看到一篇论文《The Link Prediction Problem for Social Networks》,感觉写的很不错。
(对这种形式化的描述没抵抗力 :-D)
所以就是做个笔记吧。
2
首先social networks可以理解为图,其中nodes表示人或者其他实体,edges标示交互、协作或者关系。
那么好友推荐的问题就可以理解为基于原有的好友关系图结构,预测可能出现的新的关系。
更一般的,可以理解为link prediction problem,基于原有的图结构,预测图的演化。
the link prediction problem:
Given a snapshot of a social network at time t, we seek to accurately predict the edges that will be added to the network during the interval from time $t$ to a given future time $t’$.
当然现实中的交互和关系有很多原因,单单从图结构中是分析不出来的。
但是
We find that a number of proximity measures lead to predictions that outperform chance by factors of 40 to 50, indicating that the network topology does indeed contain latent information from which to infer future interactions.
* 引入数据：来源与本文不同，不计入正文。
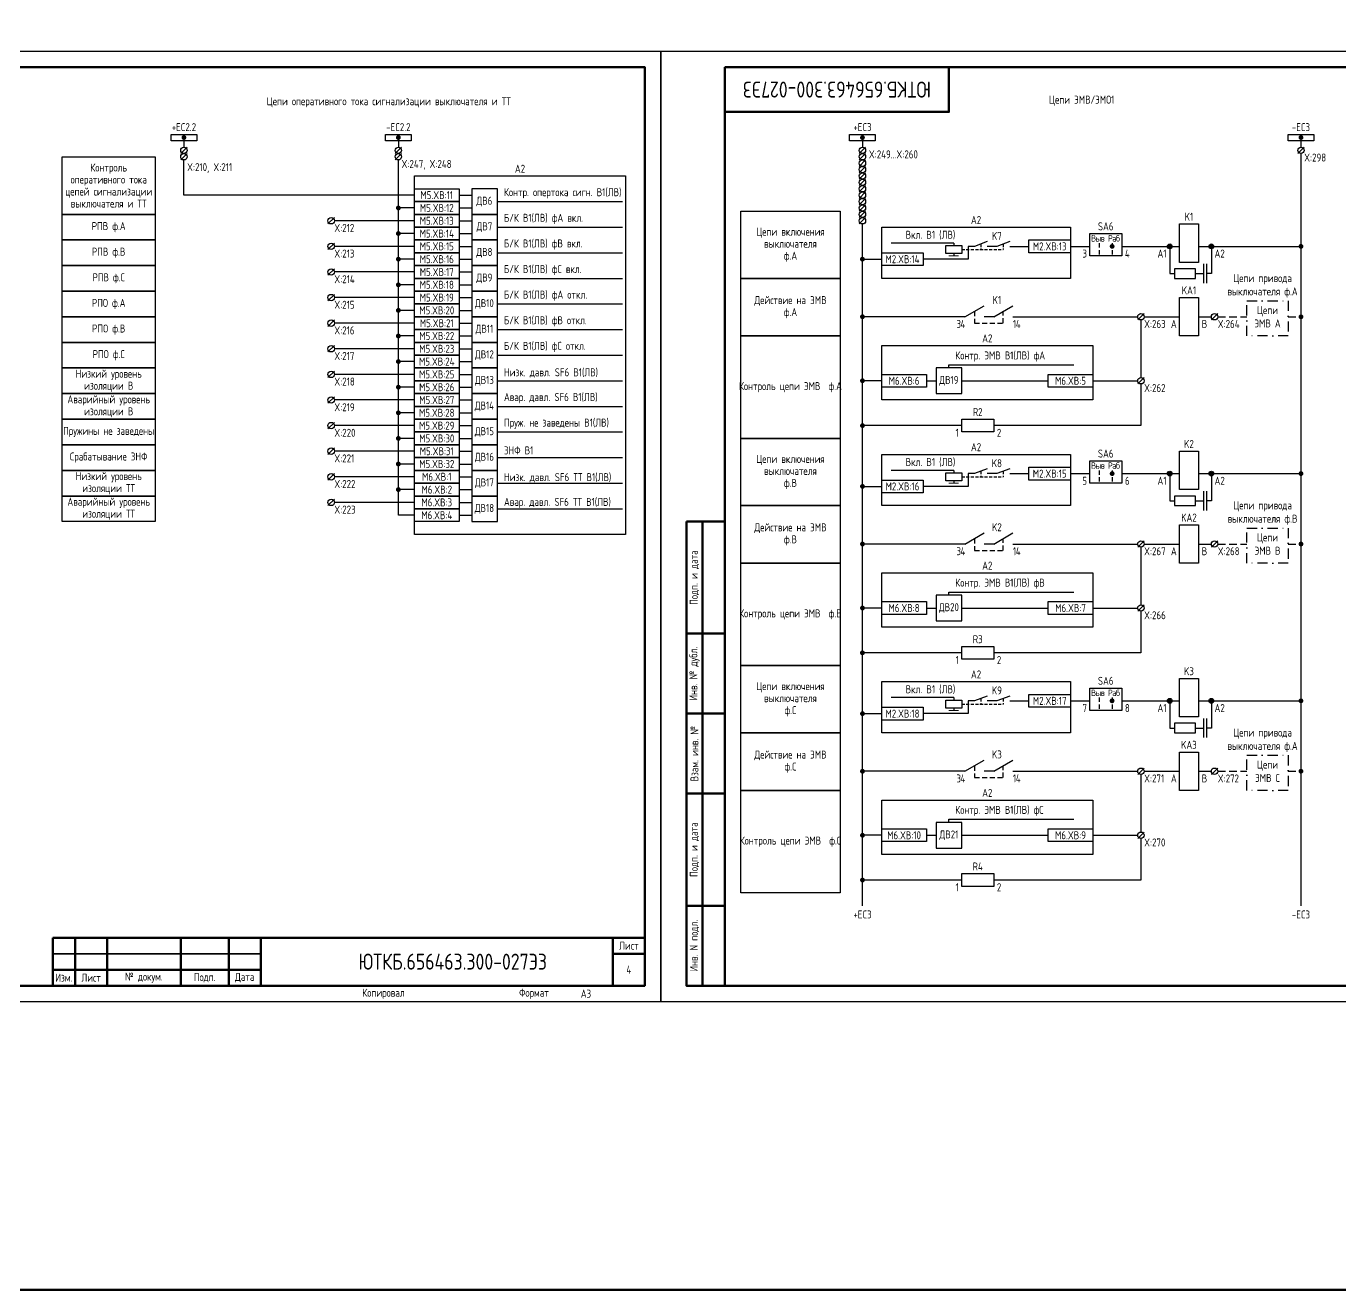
# Model space of a CAD drawing. Header units: millimetres. Extents: x -1117 to 5358, y -90 to 1610.
# Drawn here: x 1481.7 to 1892.1, y -90 to 304.8 of the extents above; entities that cross this region are included whole.
import ezdxf
from ezdxf.enums import TextEntityAlignment as Align

# ---------------------------------------------------------------- set-up
doc = ezdxf.new("R2010")
doc.units = ezdxf.units.MM
doc.linetypes.add('HIDDEN2', pattern=[4.7625, 3.175, -1.5875])
doc.linetypes.add('штрихпунктирная', pattern=[25.4, 12.7, -6.35, 0, -6.35])
doc.styles.add('Gost_type_A', font='GOST_A.TTF')

# ---------------------------------------------------------------- blocks, each defined once
blk = doc.blocks.new('Формат_А3')
blk.add_lwpolyline([(-420, 297), (0, 297), (0, 0), (-420, 0)], close=True)
at = {"lineweight": 50}
blk.add_lwpolyline([(-400, 292), (-5, 292), (-5, 5), (-400, 5)], close=True, dxfattribs=at)
blk = doc.blocks.new('Штамп малый нижний')
at = {"lineweight": 50}
for points in [[(-185, 15), (-178, 15), (-178, 5), (-185, 5)], [(-178, 15), (-168, 15), (-168, 5), (-178, 5)], [(-168, 15), (-145, 15), (-145, 5), (-168, 5)], [(-145, 15), (-130, 15), (-130, 5), (-145, 5)], [(-130, 15), (-120, 15), (-120, 5), (-130, 5)], [(-120, 15), (-10, 15), (-10, 0), (-120, 0)], [(-10, 15), (0, 15), (0, 10), (-10, 10)], [(-10, 10), (0, 10), (0, 0), (-10, 0)], [(-185, 5), (-178, 5), (-178, 0), (-185, 0)], [(-178, 5), (-168, 5), (-168, 0), (-178, 0)], [(-168, 5), (-145, 5), (-145, 0), (-168, 0)], [(-145, 5), (-130, 5), (-130, 0), (-145, 0)], [(-130, 5), (-120, 5), (-120, 0), (-130, 0)]]:
    blk.add_lwpolyline(points, close=True, dxfattribs=at)
for points in [[(-185, 15), (-178, 15), (-178, 10), (-185, 10)], [(-178, 15), (-168, 15), (-168, 10), (-178, 10)], [(-168, 15), (-145, 15), (-145, 10), (-168, 10)], [(-145, 15), (-130, 15), (-130, 10), (-145, 10)], [(-130, 15), (-120, 15), (-120, 10), (-130, 10)], [(-185, 10), (-178, 10), (-178, 5), (-185, 5)], [(-178, 10), (-168, 10), (-168, 5), (-178, 5)], [(-168, 10), (-145, 10), (-145, 5), (-168, 5)], [(-145, 10), (-130, 10), (-130, 5), (-145, 5)], [(-130, 10), (-120, 10), (-120, 5), (-130, 5)]]:
    blk.add_lwpolyline(points, close=True)
at = {"char_height": 2.5, "style": 'Gost_type_A'}
for s, insert, width, attachment_point in [('Лист', (-5, 12.5), 10, 5), ('Изм.', (-181.5, 2.5), 7, 5), ('Лист', (-173, 2.5), 10, 5), ('№ докум.', (-156.5, 2.5), 23, 5), ('Подп.', (-137.5, 2.5), 15, 5), ('Дата', (-125, 2.5), 10, 5), ('Копировал', (-75, -2.53), 13.1202, 6), ('Формат', (-30, -2.53), 13.1202, 6)]:
    blk.add_mtext(s, dxfattribs=dict(at, insert=insert, width=width, attachment_point=attachment_point))
blk = doc.blocks.new('Штамп угловой верхний')
at = {"lineweight": 50}
blk.add_lwpolyline([(0, 0), (70, 0), (70, -14), (0, -14)], close=True, dxfattribs=at)
blk = doc.blocks.new('Штамп левый нижний')
at = {"lineweight": 50}
for points in [[(-12, 145), (-7, 145), (-7, 110), (-12, 110)], [(-7, 145), (0, 145), (0, 110), (-7, 110)], [(-12, 110), (-7, 110), (-7, 85), (-12, 85)], [(-7, 110), (0, 110), (0, 85), (-7, 85)], [(-12, 85), (-7, 85), (-7, 60), (-12, 60)], [(-7, 85), (0, 85), (0, 60), (-7, 60)], [(-12, 60), (-7, 60), (-7, 25), (-12, 25)], [(-7, 60), (0, 60), (0, 25), (-7, 25)], [(-12, 25), (-7, 25), (-7, 0), (-12, 0)], [(-7, 25), (0, 25), (0, 0), (-7, 0)]]:
    blk.add_lwpolyline(points, close=True, dxfattribs=at)
at = {"char_height": 2.5, "attachment_point": 5, "rotation": 90, "style": 'Gost_type_A'}
for s, insert, width in [('Подп. и дата', (-9.5, 127.5), 35), ('Инв. № дубл.', (-9.5, 97.5), 25), ('Взам. инв. №', (-9.5, 72.5), 25), ('Подп. и дата', (-9.5, 42.5), 35), ('Инв. N подл.', (-9.5, 12.5), 25)]:
    blk.add_mtext(s, dxfattribs=dict(at, insert=insert, width=width))
blk = doc.blocks.new('POINT')
at = {"const_width": 0.75}
blk.add_lwpolyline([(-0.375, 0, 1), (0.375, 0, 1)], format="xyb", close=True, dxfattribs=at)
blk = doc.blocks.new('Шинка')
blk.add_lwpolyline([(-4, 1), (4, 1), (4, -1), (-4, -1)], close=True)
blk.add_blockref('POINT', (0, 0))
blk = doc.blocks.new('Переключатель_положение')
for p, q in [((2, 1), (2, -0.34)), ((2, -1.14), (2, -2.49))]:
    blk.add_line(p, q)

msp = doc.modelspace()

# ---------------------------------------------------------------- hatches: boundary and pattern name
at = {"linetype": 'Continuous', "lineweight": 25, "ltscale": 4.8}
h = msp.add_hatch(color=256, dxfattribs=at)
edge = h.paths.add_edge_path()
edge.add_arc((1839, 236), 0.75, 0, 360)
h = msp.add_hatch(color=256, dxfattribs=at)
edge = h.paths.add_edge_path()
edge.add_arc((1852, 236), 0.75, 0, 360)
h = msp.add_hatch(color=256, dxfattribs=at)
edge = h.paths.add_edge_path()
edge.add_arc((1839, 165), 0.75, 0, 360)
h = msp.add_hatch(color=256, dxfattribs=at)
edge = h.paths.add_edge_path()
edge.add_arc((1852, 165), 0.75, 0, 360)
h = msp.add_hatch(color=256, dxfattribs=at)
edge = h.paths.add_edge_path()
edge.add_arc((1839, 94), 0.75, 0, 360)
h = msp.add_hatch(color=256, dxfattribs=at)
edge = h.paths.add_edge_path()
edge.add_arc((1852, 94), 0.75, 0, 360)

# ---------------------------------------------------------------- linework, layer by layer
for p, q in [((1532, 267), (1530, 265)), ((1531, 270), (1531, 267)), ((1599, 267), (1597, 265)), ((1598, 270), (1598, 267)), ((1744, 267), (1742, 265)), ((1743, 270), (1743, 267)), ((1881, 267), (1879, 265)), ((1880, 270), (1880, 267)), ((1532, 265), (1530, 263)), ((1531, 252), (1531, 263)), ((1599, 265), (1597, 263)), ((1598, 152), (1598, 263)), ((1744, 265), (1742, 263)), ((1744, 263), (1742, 261)), ((1880, 265), (1880, 30)), ((1744, 261), (1742, 259)), ((1744, 259), (1742, 257)), ((1744, 257), (1742, 255)), ((1744, 255), (1742, 253)), ((1603, 252), (1531, 252)), ((1617, 252), (1621, 252)), ((1744, 253), (1742, 251)), ((1744, 251), (1742, 249)), ((1603, 248), (1598, 248)), ((1617, 248), (1621, 248)), ((1629, 250), (1668, 250)), ((1744, 249), (1742, 247)), ((1744, 247), (1742, 245)), ((1578, 245), (1576, 243)), ((1603, 244), (1578, 244)), ((1617, 244), (1621, 244)), ((1744, 245), (1742, 243)), ((1743, 30), (1743, 243)), ((1603, 240), (1598, 240)), ((1617, 240), (1621, 240)), ((1629, 242), (1668, 242)), ((1578, 237), (1576, 235)), ((1603, 236), (1578, 236)), ((1617, 236), (1621, 236)), ((1629, 234), (1668, 234)), ((1771.5, 237), (1752, 237)), ((1771.5, 237), (1771.5, 236.25)), ((1808, 236), (1814, 236)), ((1824, 236), (1842, 236)), ((1848, 236), (1880, 236)), ((1603, 232), (1598, 232)), ((1617, 232), (1621, 232)), ((1743, 232), (1749, 232)), ((1771.5, 233.75), (1771.5, 233)), ((1578, 229), (1576, 227)), ((1603, 228), (1578, 228)), ((1617, 228), (1621, 228)), ((1629, 226), (1668, 226)), ((1603, 224), (1598, 224)), ((1617, 224), (1621, 224)), ((1578, 221), (1576, 219)), ((1603, 220), (1578, 220)), ((1617, 220), (1621, 220)), ((1629, 218), (1668, 218)), ((1603, 216), (1598, 216)), ((1617, 216), (1621, 216)), ((1775, 214), (1743, 214)), ((1775, 214), (1781, 217.46)), ((1784, 214), (1781, 214)), ((1784, 214), (1790, 217.46)), ((1790, 214), (1829, 214)), ((1831, 215), (1829, 213)), ((1831, 214), (1842, 214)), ((1854, 215), (1852, 213)), ((1578, 213), (1576, 211)), ((1603, 212), (1578, 212)), ((1617, 212), (1621, 212)), ((1629, 210), (1668, 210)), ((1830, 213), (1830, 195)), ((1603, 208), (1598, 208)), ((1617, 208), (1621, 208)), ((1578, 205), (1576, 203)), ((1603, 204), (1578, 204)), ((1617, 204), (1621, 204)), ((1629, 202), (1668, 202)), ((1578, 197), (1576, 195)), ((1603, 200), (1598, 200)), ((1617, 200), (1621, 200)), ((1770, 199), (1809, 199)), ((1770, 198), (1770, 199)), ((1603, 196), (1578, 196)), ((1617, 196), (1621, 196)), ((1629, 194), (1668, 194)), ((1749, 194), (1743, 194)), ((1763, 194), (1766, 194)), ((1774, 194), (1801, 194)), ((1815, 194), (1829, 194)), ((1831, 195), (1829, 193)), ((1830, 193), (1830, 192)), ((1578, 189), (1576, 187)), ((1603, 192), (1598, 192)), ((1617, 192), (1621, 192)), ((1830, 192), (1830, 180)), ((1603, 188), (1578, 188)), ((1617, 188), (1621, 188)), ((1629, 186), (1668, 186)), ((1578, 181), (1576, 179)), ((1603, 184), (1598, 184)), ((1617, 184), (1621, 184)), ((1603, 180), (1578, 180)), ((1617, 180), (1621, 180)), ((1629, 178), (1668, 178)), ((1774, 180), (1743, 180)), ((1830, 180), (1784, 180)), ((1578, 173), (1576, 171)), ((1603, 176), (1598, 176)), ((1617, 176), (1621, 176)), ((1603, 172), (1578, 172)), ((1617, 172), (1621, 172)), ((1629, 170), (1668, 170)), ((1578, 165), (1576, 163)), ((1603, 168), (1598, 168)), ((1617, 168), (1621, 168)), ((1771.5, 166), (1752, 166)), ((1771.5, 166), (1771.5, 165.25)), ((1808, 165), (1814, 165)), ((1824, 165), (1842, 165)), ((1848, 165), (1880, 165)), ((1603, 164), (1578, 164)), ((1617, 164), (1621, 164)), ((1629, 162), (1668, 162)), ((1743, 161), (1749, 161)), ((1771.5, 162.75), (1771.5, 162)), ((1578, 157), (1576, 155)), ((1603, 156), (1578, 156)), ((1603, 160), (1598, 160)), ((1617, 160), (1621, 160)), ((1617, 156), (1621, 156)), ((1603, 152), (1598, 152)), ((1617, 152), (1621, 152)), ((1629, 154), (1668, 154)), ((1775, 143), (1781, 146.46)), ((1784, 143), (1790, 146.46)), ((1831, 144), (1829, 142)), ((1854, 144), (1852, 142)), ((1775, 143), (1743, 143)), ((1784, 143), (1781, 143)), ((1790, 143), (1829, 143)), ((1830, 142), (1830, 124)), ((1831, 143), (1842, 143)), ((1848, 143), (1852, 143)), ((1770, 128), (1809, 128)), ((1770, 127), (1770, 128)), ((1831, 124), (1829, 122)), ((1749, 123), (1743, 123)), ((1763, 123), (1766, 123)), ((1774, 123), (1801, 123)), ((1815, 123), (1829, 123)), ((1830, 122), (1830, 121)), ((1830, 121), (1830, 109)), ((1774, 109), (1743, 109)), ((1830, 109), (1784, 109)), ((1771.5, 95), (1752, 95)), ((1771.5, 95), (1771.5, 94.25)), ((1771.5, 91.75), (1771.5, 91)), ((1808, 94), (1814, 94)), ((1824, 94), (1842, 94)), ((1848, 94), (1880, 94)), ((1743, 90), (1749, 90)), ((1775, 72), (1781, 75.46)), ((1784, 72), (1790, 75.46)), ((1775, 72), (1743, 72)), ((1784, 72), (1781, 72)), ((1790, 72), (1829, 72)), ((1831, 73), (1829, 71)), ((1830, 71), (1830, 53)), ((1831, 72), (1842, 72)), ((1848, 72), (1852, 72)), ((1854, 73), (1852, 71)), ((1770, 57), (1809, 57)), ((1770, 56), (1770, 57)), ((1749, 52), (1743, 52)), ((1763, 52), (1766, 52)), ((1774, 52), (1801, 52)), ((1815, 52), (1829, 52)), ((1831, 53), (1829, 51)), ((1830, 51), (1830, 50)), ((1830, 50), (1830, 38)), ((1774, 38), (1743, 38)), ((1830, 38), (1784, 38))]:
    msp.add_line(p, q)
at = {"color": 0, "linetype": 'HIDDEN2', "ltscale": 0.3}
for p, q in [((1774, 235), (1787, 235)), ((1780, 236.75), (1780, 235.08)), ((1787, 236.75), (1787, 235)), ((1780, 165.75), (1780, 164.08)), ((1787, 165.75), (1787, 164)), ((1774, 164), (1787, 164)), ((1780, 94.75), (1780, 93.08)), ((1787, 94.75), (1787, 93)), ((1774, 93), (1787, 93))]:
    msp.add_line(p, q, dxfattribs=at)
at = {"color": 0, "linetype": 'Continuous', "lineweight": 25, "ltscale": 1.08}
for p, q in [((1778, 236), (1776, 236)), ((1776, 236), (1776, 232)), ((1785, 236), (1782, 236)), ((1789, 236), (1795, 236)), ((1776, 232), (1762, 232)), ((1778, 165), (1776, 165)), ((1776, 165), (1776, 161)), ((1785, 165), (1782, 165)), ((1789, 165), (1795, 165)), ((1776, 161), (1762, 161)), ((1778, 94), (1776, 94)), ((1776, 94), (1776, 90)), ((1785, 94), (1782, 94)), ((1789, 94), (1795, 94)), ((1776, 90), (1762, 90))]:
    msp.add_line(p, q, dxfattribs=at)
at = {"color": 0, "linetype": 'Continuous', "lineweight": 25, "ltscale": 4.32}
for p, q in [((1782, 237.5), (1778, 236)), ((1789, 237.5), (1785, 236)), ((1782, 166.5), (1778, 165)), ((1789, 166.5), (1785, 165)), ((1782, 95.5), (1778, 94)), ((1789, 95.5), (1785, 94))]:
    msp.add_line(p, q, dxfattribs=at)
at = {"linetype": 'Continuous', "lineweight": 25, "ltscale": 4.8}
for p, q in [((1839, 236), (1839, 227.5)), ((1852, 236), (1852, 227.5)), ((1849.5, 230.5), (1849.5, 224.5)), ((1850.5, 230.5), (1850.5, 224.5)), ((1839, 227.5), (1840.5, 227.5)), ((1847, 227.5), (1849.5, 227.5)), ((1852, 227.5), (1850.5, 227.5)), ((1839, 165), (1839, 156.5)), ((1852, 165), (1852, 156.5)), ((1839, 156.5), (1840.5, 156.5)), ((1847, 156.5), (1849.5, 156.5)), ((1849.5, 159.5), (1849.5, 153.5)), ((1850.5, 159.5), (1850.5, 153.5)), ((1852, 156.5), (1850.5, 156.5)), ((1839, 94), (1839, 85.5)), ((1852, 94), (1852, 85.5)), ((1849.5, 88.5), (1849.5, 82.5)), ((1850.5, 88.5), (1850.5, 82.5)), ((1839, 85.5), (1840.5, 85.5)), ((1847, 85.5), (1849.5, 85.5)), ((1852, 85.5), (1850.5, 85.5))]:
    msp.add_line(p, q, dxfattribs=at)
at = {"color": 0, "linetype": 'HIDDEN2', "ltscale": 0.5}
for p, q in [((1778, 215.73), (1778, 212)), ((1787, 212), (1787, 215.73)), ((1778, 212), (1787, 212)), ((1778, 144.73), (1778, 141)), ((1787, 141), (1787, 144.73)), ((1778, 141), (1787, 141)), ((1778, 73.73), (1778, 70)), ((1778, 70), (1787, 70)), ((1787, 70), (1787, 73.73))]:
    msp.add_line(p, q, dxfattribs=at)
at = {"color": 6}
msp.add_line((1848, 214), (1852, 214), dxfattribs=at)
at = {"linetype": 'HIDDEN2', "ltscale": 0.75}
for p, q in [((1854, 214), (1863.11, 214)), ((1876, 214), (1880, 214)), ((1854, 143), (1863.11, 143)), ((1876, 143), (1880, 143)), ((1854, 72), (1863.11, 72)), ((1876, 72), (1880, 72))]:
    msp.add_line(p, q, dxfattribs=at)
at = {"color": 6, "lineweight": 53}
msp.add_lwpolyline([(-1117.42, 1610), (5358, 1610), (5358, -90), (-1117.42, -90)], close=True, dxfattribs=at)
for points in [[(1522, 246), (1493, 246), (1493, 264), (1522, 264)], [(1603, 258), (1669, 258), (1669, 146), (1603, 146)], [(1603, 254), (1617, 254), (1617, 250), (1603, 250)], [(1603, 250), (1617, 250), (1617, 246), (1603, 246)], [(1522, 238), (1493, 238), (1493, 246), (1522, 246)], [(1603, 246), (1617, 246), (1617, 242), (1603, 242)], [(1842, 243), (1848, 243), (1848, 231), (1842, 231)], [(1603, 242), (1617, 242), (1617, 238), (1603, 238)], [(1749, 242), (1808, 242), (1808, 226), (1749, 226)], [(1814, 240), (1824, 240), (1824, 233), (1814, 233)], [(1522, 230), (1493, 230), (1493, 238), (1522, 238)], [(1603, 238), (1617, 238), (1617, 234), (1603, 234)], [(1603, 234), (1617, 234), (1617, 230), (1603, 230)], [(1749, 234), (1762, 234), (1762, 230), (1749, 230)], [(1774, 236.25), (1774, 233.75), (1769, 233.75), (1769, 236.25)], [(1795, 238), (1808, 238), (1808, 234), (1795, 234)], [(1522, 222), (1493, 222), (1493, 230), (1522, 230)], [(1603, 230), (1617, 230), (1617, 226), (1603, 226)], [(1603, 226), (1617, 226), (1617, 222), (1603, 222)], [(1522, 214), (1493, 214), (1493, 222), (1522, 222)], [(1603, 222), (1617, 222), (1617, 218), (1603, 218)], [(1603, 218), (1617, 218), (1617, 214), (1603, 214)], [(1522, 206), (1493, 206), (1493, 214), (1522, 214)], [(1603, 214), (1617, 214), (1617, 210), (1603, 210)], [(1603, 210), (1617, 210), (1617, 206), (1603, 206)], [(1522, 198), (1493, 198), (1493, 206), (1522, 206)], [(1603, 206), (1617, 206), (1617, 202), (1603, 202)], [(1603, 202), (1617, 202), (1617, 198), (1603, 198)], [(1749, 205), (1815, 205), (1815, 188), (1749, 188)], [(1522, 190), (1493, 190), (1493, 198), (1522, 198)], [(1603, 198), (1617, 198), (1617, 194), (1603, 194)], [(1603, 194), (1617, 194), (1617, 190), (1603, 190)], [(1749, 196), (1763, 196), (1763, 192), (1749, 192)], [(1801, 196), (1815, 196), (1815, 192), (1801, 192)], [(1522, 182), (1493, 182), (1493, 190), (1522, 190)], [(1603, 190), (1617, 190), (1617, 186), (1603, 186)], [(1603, 186), (1617, 186), (1617, 182), (1603, 182)], [(1522, 174), (1493, 174), (1493, 182), (1522, 182)], [(1603, 182), (1617, 182), (1617, 178), (1603, 178)], [(1774, 182), (1784, 182), (1784, 178), (1774, 178)], [(1603, 178), (1617, 178), (1617, 174), (1603, 174)], [(1522, 166), (1493, 166), (1493, 174), (1522, 174)], [(1603, 174), (1617, 174), (1617, 170), (1603, 170)], [(1603, 170), (1617, 170), (1617, 166), (1603, 166)], [(1749, 171), (1808, 171), (1808, 155), (1749, 155)], [(1814, 169), (1824, 169), (1824, 162), (1814, 162)], [(1842, 172), (1848, 172), (1848, 160), (1842, 160)], [(1522, 158), (1493, 158), (1493, 166), (1522, 166)], [(1603, 166), (1617, 166), (1617, 162), (1603, 162)], [(1774, 165.25), (1774, 162.75), (1769, 162.75), (1769, 165.25)], [(1795, 167), (1808, 167), (1808, 163), (1795, 163)], [(1603, 162), (1617, 162), (1617, 158), (1603, 158)], [(1749, 163), (1762, 163), (1762, 159), (1749, 159)], [(1522, 150), (1493, 150), (1493, 158), (1522, 158)], [(1603, 158), (1617, 158), (1617, 154), (1603, 154)], [(1603, 154), (1617, 154), (1617, 150), (1603, 150)], [(1749, 134), (1815, 134), (1815, 117), (1749, 117)], [(1749, 125), (1763, 125), (1763, 121), (1749, 121)], [(1801, 125), (1815, 125), (1815, 121), (1801, 121)], [(1774, 111), (1784, 111), (1784, 107), (1774, 107)], [(1749, 100), (1808, 100), (1808, 84), (1749, 84)], [(1842, 101), (1848, 101), (1848, 89), (1842, 89)], [(1795, 96), (1808, 96), (1808, 92), (1795, 92)], [(1814, 98), (1824, 98), (1824, 91), (1814, 91)], [(1749, 92), (1762, 92), (1762, 88), (1749, 88)], [(1774, 94.25), (1774, 91.75), (1769, 91.75), (1769, 94.25)], [(1749, 63), (1815, 63), (1815, 46), (1749, 46)], [(1749, 54), (1763, 54), (1763, 50), (1749, 50)], [(1801, 54), (1815, 54), (1815, 50), (1801, 50)], [(1774, 40), (1784, 40), (1784, 36), (1774, 36)]]:
    msp.add_lwpolyline(points, close=True)
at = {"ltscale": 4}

(是这样么? 暂且相信一下吧,不然就没法继续读下去了 :-D)
3
形式化这个问题。
social network: $G = \langle V, E \rangle$
each edge: $e = \langle u, v \rangle \in E$
表示$u,v$在特定时间$t(e)$发生交互,其中多次交互记录为并行的边。
$G[t, t’]$表示某时间段内$(t < t’)$的子图。
另外这篇文章为了评估不同的算法还是定义训练和测试的方法:
We choose four times $t_0 < t’_0 < t_1 < t’_1$, and give an algorithm access to the network $G[t_0,t’_0]$; it must then output a list of edges, not present in $G[t_0,t’_0]$, that are predicted to appear in the network $G[t_1,t’_1]$. We refer to $[t_0,t’_0]$ as the training interval and $[t_1,t’_1]$ as the test interval.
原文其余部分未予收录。